My understanding, maybe wrongly, is that we could then go to the open market?
Andrew - I know that CB said we didn't have to accept the valuation but I don't believe there isn't a point at which any 'appeal process' comes to an end and Xtract are compelled to sell if AA want it back. There is no point in having a buy-back clause otherwise.
The agreement gives AA first right of refusal to buy back, not a right to. The comment from Colin bird previously that, “they don’t have to accept that 3rd party valuation.” could mean that the 3rd party valuation will not necessarily be the final sale price but will provide common ground to bring negotiations within a range.
Generally I think the agreement is fairly watertight and prevents Xtract from simply turning down any offers made for the sake of hoping another buyer wants it for more. Further previous comments from CB in an early podcast would support that, “the agreement is legally binding and the only way xtract can be free from it is if AA have the decency to release us from it.” ( possibly not exact words but very much along those lines. )
Certainly agree with stevem on the 20% and other tenements.
It’s safe to say that if AA want it, then Xtract will sell it.
Steve
You maybe right, but I can only quote what CB has said. If we have to sell to AA after an "appeal process" then we can't reject the independent valuation. If so, I am surprised CB was so unequivocal in that interview, and he said the same thing in another.
My, possibly wrong and naive understanding of this is that if AA/ Xtract can't agree a price then it goes to an independent valuation. Either party can still reject the valuation and if so then we can sell on open market.
The buy-back gives AA first refusal, not option of compulsory purchase.
I accept that maybe wrong but it seems to align with what CB said in that interview
Little wing
I would have thought that before CB knocked back a final offer from AA that he would have already tester the market to assess interest from other parties. It would surely be foolish of him to reject AA's offer without knowing for certain that there would be other interested parties willing to offer more.
I would also agree that the 20% belonging to XTR would focus AA's minds.
Thanks all for your replies. An interesting discussion for sure. Guess we'll have to wait and see and hope it's all irrelevant when AA give us what we want :)
Knowing wether there are other interested parties is one thing, but is very unlikely any of those other parties could be in a position to place any value on BR without seeing all of the data. That will simply not happen, AA have first refusal so would want to have sole access to all data before any other interest parties get access to it as it would cause a type of conflict of interest.

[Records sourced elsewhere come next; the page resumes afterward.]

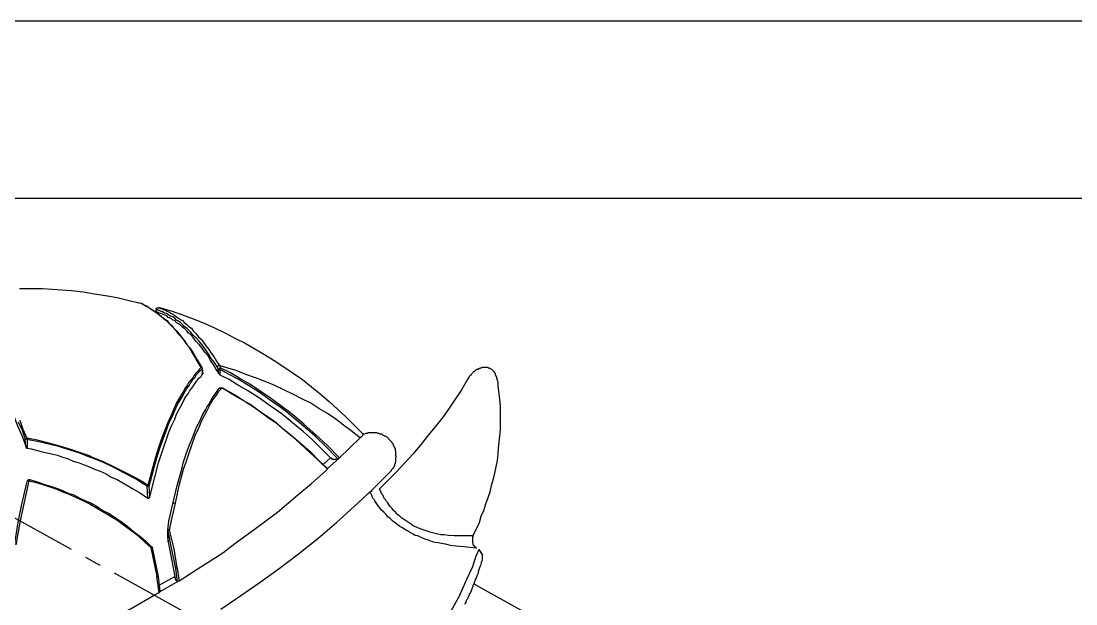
# Model space of a CAD drawing. Extents: x 2731 to 3325, y 756 to 1176.
# Drawn here: x 3014.5 to 3127.5, y 1113.7 to 1176.2 of the extents above; entities that cross this region are included whole.
import ezdxf

# ---------------------------------------------------------------- set-up
doc = ezdxf.new("R2010")
doc.units = 0
doc.header["$LTSCALE"] = 7
doc.header["$MEASUREMENT"] = 0
doc.linetypes.add('CENTER', pattern=[2, 1.25, -0.25, 0.25, -0.25])
doc.layers.get('0').update_dxf_attribs({"color": 2, "linetype": 'CONTINUOUS'})
for name, color, linetype in [('CENTER', 1, 'CENTER'), ('D', 2, 'CONTINUOUS'), ('Layer 1', 7, 'CONTINUOUS')]:
    doc.layers.add(name, color=color, linetype=linetype)

# ---------------------------------------------------------------- blocks, each defined once
blk = doc.blocks.new('BORDER')
blk.add_line((1, 1), (0, 1))

msp = doc.modelspace()

# ---------------------------------------------------------------- linework, layer by layer
at = {"color": 4}
msp.add_line((2757, 1157.2), (3311, 1157.2), dxfattribs=at)
at = {"color": 7, "linetype": 'Continuous'}
for points in [[(3014.31, 1147.52), (3015.69, 1147.52), (3016.79, 1147.52), (3017.82, 1147.45), (3018.85, 1147.38), (3019.88, 1147.31), (3021.12, 1147.17), (3022.35, 1146.97), (3023.52, 1146.76), (3024.76, 1146.55), (3025.93, 1146.28), (3027.09, 1146)], [(3029.22, 1145.52), (3030.67, 1145.11), (3031.77, 1144.7), (3032.93, 1144.29), (3034.1, 1143.81), (3035.2, 1143.32), (3036.3, 1142.77), (3037.4, 1142.22), (3038.5, 1141.68), (3039.53, 1141.06), (3040.56, 1140.44), (3041.59, 1139.82), (3042.62, 1139.13), (3043.65, 1138.45), (3044.62, 1137.76), (3045.58, 1137), (3046.54, 1136.25), (3047.5, 1135.42), (3048.4, 1134.6), (3049.29, 1133.77), (3050.11, 1132.95), (3051.14, 1131.92)], [(3050.8, 1131.5), (3050.66, 1131.64), (3049.84, 1132.26), (3049.01, 1132.88), (3048.19, 1133.5), (3047.3, 1134.12), (3046.4, 1134.67), (3045.51, 1135.22), (3044.55, 1135.7), (3043.59, 1136.18), (3042.62, 1136.66), (3041.66, 1137.14), (3040.63, 1137.55), (3039.6, 1137.96), (3038.57, 1138.31), (3037.54, 1138.72), (3036.65, 1138.99), (3035.75, 1139.27), (3035.89, 1138.99)], [(3062.9, 1120.99), (3063.31, 1121.82), (3063.58, 1122.43), (3063.79, 1123.12), (3064.06, 1123.74), (3064.27, 1124.43), (3064.54, 1125.11), (3064.75, 1125.73), (3064.89, 1126.42), (3065.09, 1127.11), (3065.23, 1127.73), (3065.37, 1128.41), (3065.51, 1129.1), (3065.58, 1129.79), (3065.64, 1130.41), (3065.71, 1131.09), (3065.78, 1131.71), (3065.85, 1132.4), (3065.85, 1133.02), (3065.85, 1133.7), (3065.85, 1134.32), (3065.85, 1134.94), (3065.78, 1135.63), (3065.58, 1137.14), (3065.58, 1137.48), (3065.51, 1137.62), (3065.51, 1137.69), (3065.51, 1137.76), (3065.44, 1137.83), (3065.44, 1137.9), (3065.44, 1137.96), (3065.44, 1138.03), (3065.37, 1138.1), (3065.37, 1138.17), (3065.3, 1138.24), (3065.3, 1138.31), (3065.3, 1138.38), (3065.23, 1138.45), (3065.23, 1138.51), (3065.16, 1138.51), (3065.16, 1138.58), (3065.09, 1138.65), (3065.03, 1138.72), (3064.96, 1138.79), (3064.89, 1138.86), (3064.82, 1138.93), (3064.75, 1138.93), (3064.68, 1138.99), (3064.61, 1138.99), (3064.54, 1138.99), (3064.48, 1139.06), (3064.41, 1139.06), (3064.34, 1139.06), (3064.27, 1139.06), (3064.2, 1139.06), (3064.13, 1139.06), (3064.06, 1139.06), (3064, 1139.06), (3063.93, 1139.06), (3063.86, 1139.06), (3063.79, 1138.99), (3063.72, 1138.99), (3063.65, 1138.99), (3063.58, 1138.93), (3063.51, 1138.93), (3063.45, 1138.93), (3063.45, 1138.86), (3063.38, 1138.86), (3063.31, 1138.86), (3063.24, 1138.79), (3063.17, 1138.72), (3063.1, 1138.72), (3063.1, 1138.65), (3063.03, 1138.58), (3062.96, 1138.58), (3062.9, 1138.51), (3062.83, 1138.45), (3062.76, 1138.38), (3062.69, 1138.31), (3062.69, 1138.24), (3062.62, 1138.24), (3062.55, 1138.17), (3062.48, 1138.1), (3062.48, 1138.03), (3062.41, 1137.96), (3062.35, 1137.83), (3061.8, 1136.93), (3061.66, 1136.66), (3060.56, 1135.01), (3059.8, 1133.91), (3058.98, 1132.88), (3058.15, 1131.85), (3057.33, 1130.82), (3056.5, 1129.79), (3055.61, 1128.82), (3054.72, 1127.86), (3053.82, 1126.97), (3052.93, 1126.08)], [(3035.89, 1113.16), (3038.02, 1114.6), (3040.08, 1116.04), (3042.14, 1117.49), (3044.2, 1119.07), (3046.27, 1120.72), (3048.26, 1122.43), (3050.18, 1124.15), (3052.11, 1125.94), (3053.96, 1127.79), (3054.03, 1127.86), (3054.1, 1127.93), (3054.17, 1128), (3054.17, 1128.07), (3054.24, 1128.14), (3054.31, 1128.21), (3054.37, 1128.28), (3054.37, 1128.34), (3054.44, 1128.41), (3054.44, 1128.48), (3054.51, 1128.55), (3054.51, 1128.69), (3054.58, 1128.76), (3054.58, 1128.82), (3054.58, 1128.89), (3054.65, 1129.03), (3054.65, 1129.1), (3054.65, 1129.17), (3054.65, 1129.24), (3054.65, 1129.37), (3054.65, 1129.44), (3054.72, 1129.51), (3054.65, 1129.58), (3054.65, 1129.72), (3054.65, 1129.79), (3054.65, 1129.86), (3054.65, 1129.99), (3054.65, 1130.06), (3054.58, 1130.13), (3054.58, 1130.2), (3054.58, 1130.34), (3054.51, 1130.41), (3054.51, 1130.47), (3054.44, 1130.54), (3054.44, 1130.61), (3054.37, 1130.68), (3054.37, 1130.82), (3054.31, 1130.89), (3054.24, 1130.95), (3054.24, 1131.02), (3054.17, 1131.09), (3054.1, 1131.16), (3054.03, 1131.23), (3053.96, 1131.3), (3053.89, 1131.37), (3053.89, 1131.44), (3053.82, 1131.44), (3053.76, 1131.5), (3053.69, 1131.57), (3053.62, 1131.64), (3053.48, 1131.71), (3053.41, 1131.71), (3053.34, 1131.78), (3053.27, 1131.78), (3053.21, 1131.85), (3053.14, 1131.92), (3053.07, 1131.92), (3052.93, 1131.92), (3052.86, 1131.99), (3052.79, 1131.99), (3052.73, 1131.99), (3052.59, 1132.05), (3052.52, 1132.05), (3052.45, 1132.05), (3052.38, 1132.05), (3052.24, 1132.05), (3052.18, 1132.05), (3052.11, 1132.05), (3051.97, 1132.05), (3051.9, 1132.05), (3051.83, 1132.05), (3051.76, 1132.05), (3051.63, 1132.05), (3051.56, 1131.99), (3051.49, 1131.99), (3051.42, 1131.99), (3051.28, 1131.92), (3051.21, 1131.92), (3051.14, 1131.92)], [(3050.8, 1131.5), (3048.6, 1129.37), (3048.53, 1129.37), (3048.53, 1129.31)], [(3051.14, 1131.92), (3051.14, 1131.85), (3051.08, 1131.85), (3051.01, 1131.71), (3050.94, 1131.64), (3050.8, 1131.5)], [(3051.14, 1131.92), (3051.14, 1131.92)], [(3031.42, 1116.18), (3033.35, 1117.42), (3036.1, 1119.2), (3037.4, 1120.17), (3039.46, 1121.68), (3041.94, 1123.53), (3044.14, 1125.39), (3045.58, 1126.63), (3047.16, 1128), (3047.3, 1128.14)], [(3062.9, 1120.99), (3062.9, 1120.92), (3062.83, 1120.92), (3062.83, 1120.85), (3062.83, 1120.78), (3062.83, 1120.72), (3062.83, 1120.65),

The conflict of interest would be on Xtracts part as they could potentially benefit financially from interference from any other interested party offer, outside the terms of the buy back agreement that is between xtract and AA
I hope you are kidding
10-15p a share would be a dream.
When you look at the world economy. And the record of Colin Bird on AIM. This would be a first that investors are actually making money from a Colin Bird business.
Take the money and run. Especially if its anywhere close to 15.
A quick reminder that will perhaps change your mind about selling to AA:
The record of Colin Bird and his AIM 'businesses' (I use 'business' in the lightest sense)
Time he became CEO of BZT- SP 0.5….now 0.07
Time he became CEO of XTR- SP 10...now 3.3
Time he became CEO of Galileo 7.38...now 1.3
Meanwhile ££££ squeeze out of these companies while PIs get decimated by the very placings that raise money to pay his salaries.